Pictures must be dropped from the copy of the entries below; all else is returned exactly.

◆ ◆ ◆ ◆

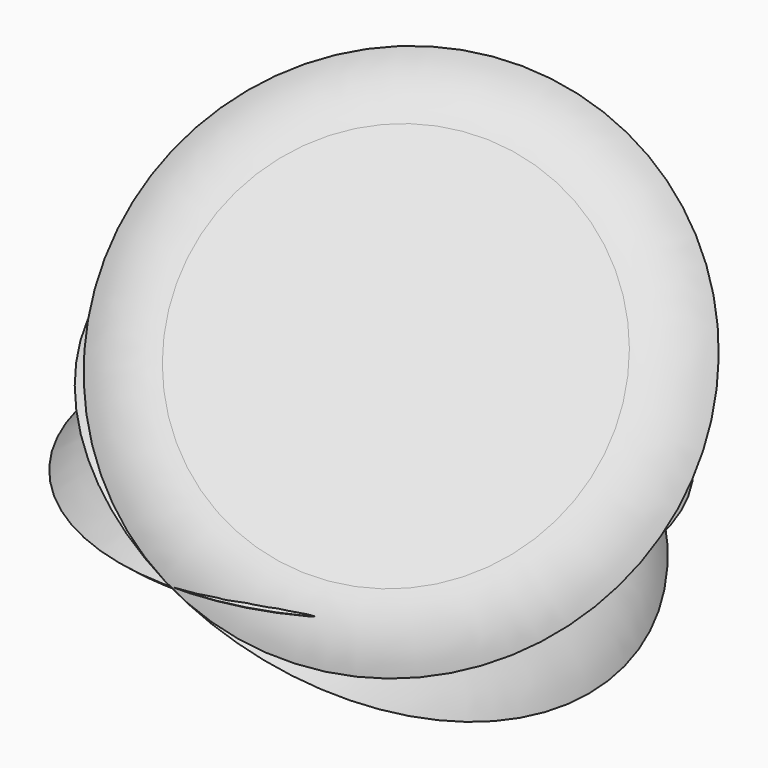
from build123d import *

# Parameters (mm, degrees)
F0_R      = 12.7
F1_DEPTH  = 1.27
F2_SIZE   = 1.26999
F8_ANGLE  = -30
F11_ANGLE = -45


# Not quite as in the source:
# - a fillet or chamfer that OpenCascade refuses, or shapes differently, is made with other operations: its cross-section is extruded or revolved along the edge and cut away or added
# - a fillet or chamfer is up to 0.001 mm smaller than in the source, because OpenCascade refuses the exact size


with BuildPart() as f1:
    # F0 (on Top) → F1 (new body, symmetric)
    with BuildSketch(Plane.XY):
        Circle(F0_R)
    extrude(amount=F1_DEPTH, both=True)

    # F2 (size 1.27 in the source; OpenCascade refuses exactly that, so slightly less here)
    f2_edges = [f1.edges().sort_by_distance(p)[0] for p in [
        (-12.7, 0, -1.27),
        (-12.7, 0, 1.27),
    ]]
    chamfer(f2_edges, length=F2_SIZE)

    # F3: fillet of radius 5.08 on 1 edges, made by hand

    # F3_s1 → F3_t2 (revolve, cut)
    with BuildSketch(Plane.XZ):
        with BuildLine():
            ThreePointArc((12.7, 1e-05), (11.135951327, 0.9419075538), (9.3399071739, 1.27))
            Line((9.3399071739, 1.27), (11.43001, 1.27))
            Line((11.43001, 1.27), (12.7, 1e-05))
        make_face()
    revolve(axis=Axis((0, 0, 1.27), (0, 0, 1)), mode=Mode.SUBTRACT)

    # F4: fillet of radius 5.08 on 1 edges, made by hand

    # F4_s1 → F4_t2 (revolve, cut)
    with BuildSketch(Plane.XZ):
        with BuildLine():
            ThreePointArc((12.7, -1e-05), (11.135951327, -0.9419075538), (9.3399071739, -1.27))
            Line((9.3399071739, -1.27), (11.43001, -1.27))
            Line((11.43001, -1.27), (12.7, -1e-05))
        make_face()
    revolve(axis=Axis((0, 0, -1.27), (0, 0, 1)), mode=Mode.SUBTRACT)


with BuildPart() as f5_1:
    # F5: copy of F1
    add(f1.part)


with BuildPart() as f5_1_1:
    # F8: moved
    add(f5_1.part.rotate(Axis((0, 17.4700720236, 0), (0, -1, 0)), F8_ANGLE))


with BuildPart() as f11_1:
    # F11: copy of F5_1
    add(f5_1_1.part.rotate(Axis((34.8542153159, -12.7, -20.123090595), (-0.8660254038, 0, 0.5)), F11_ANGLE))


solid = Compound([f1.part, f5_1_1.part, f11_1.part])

◆ ◆ ◆ ◆

▸ **Output of the exercise**
from build123d import *

# Parameters (mm, degrees)
F0_R      = 12.7
F1_DEPTH  = 1.27
F2_SIZE   = 1.26999
F8_ANGLE  = -30
F11_ANGLE = -45


# Not quite as in the source:
# - a fillet or chamfer that OpenCascade refuses, or shapes differently, is made with other operations: its cross-section is extruded or revolved along the edge and cut away or added
# - a fillet or chamfer is up to 0.001 mm smaller than in the source, because OpenCascade refuses the exact size


with BuildPart() as f1:
    # F0 (on Top) → F1 (new body, symmetric)
    with BuildSketch(Plane.XY):
        Circle(F0_R)
    extrude(amount=F1_DEPTH, both=True)

    # F2 (size 1.27 in the source; OpenCascade refuses exactly that, so slightly less here)
    f2_edges = [f1.edges().sort_by_distance(p)[0] for p in [
        (-12.7, 0, -1.27),
        (-12.7, 0, 1.27),
    ]]
    chamfer(f2_edges, length=F2_SIZE)

    # F3: fillet of radius 5.08 on 1 edges, made by hand

    # F3_s1 → F3_t2 (revolve, cut)
    with BuildSketch(Plane.XZ):
        with BuildLine():
            ThreePointArc((12.7, 1e-05), (11.135951327, 0.9419075538), (9.3399071739, 1.27))
            Line((9.3399071739, 1.27), (11.43001, 1.27))
            Line((11.43001, 1.27), (12.7, 1e-05))
        make_face()
    revolve(axis=Axis((0, 0, 1.27), (0, 0, 1)), mode=Mode.SUBTRACT)

    # F4: fillet of radius 5.08 on 1 edges, made by hand

    # F4_s1 → F4_t2 (revolve, cut)
    with BuildSketch(Plane.XZ):
        with BuildLine():
            ThreePointArc((12.7, -1e-05), (11.135951327, -0.9419075538), (9.3399071739, -1.27))
            Line((9.3399071739, -1.27), (11.43001, -1.27))
            Line((11.43001, -1.27), (12.7, -1e-05))
        make_face()
    revolve(axis=Axis((0, 0, -1.27), (0, 0, 1)), mode=Mode.SUBTRACT)


with BuildPart() as f5_1:
    # F5: copy of F1
    add(f1.part)


with BuildPart() as f5_1_1:
    # F8: moved
    add(f5_1.part.rotate(Axis((0, 17.4700720236, 0), (0, -1, 0)), F8_ANGLE))


with BuildPart() as f11_1:
    # F11: copy of F5_1
    add(f5_1_1.part.rotate(Axis((34.8542153159, -12.7, -20.123090595), (-0.8660254038, 0, 0.5)), F11_ANGLE))


solid = Compound([f1.part, f5_1_1.part, f11_1.part])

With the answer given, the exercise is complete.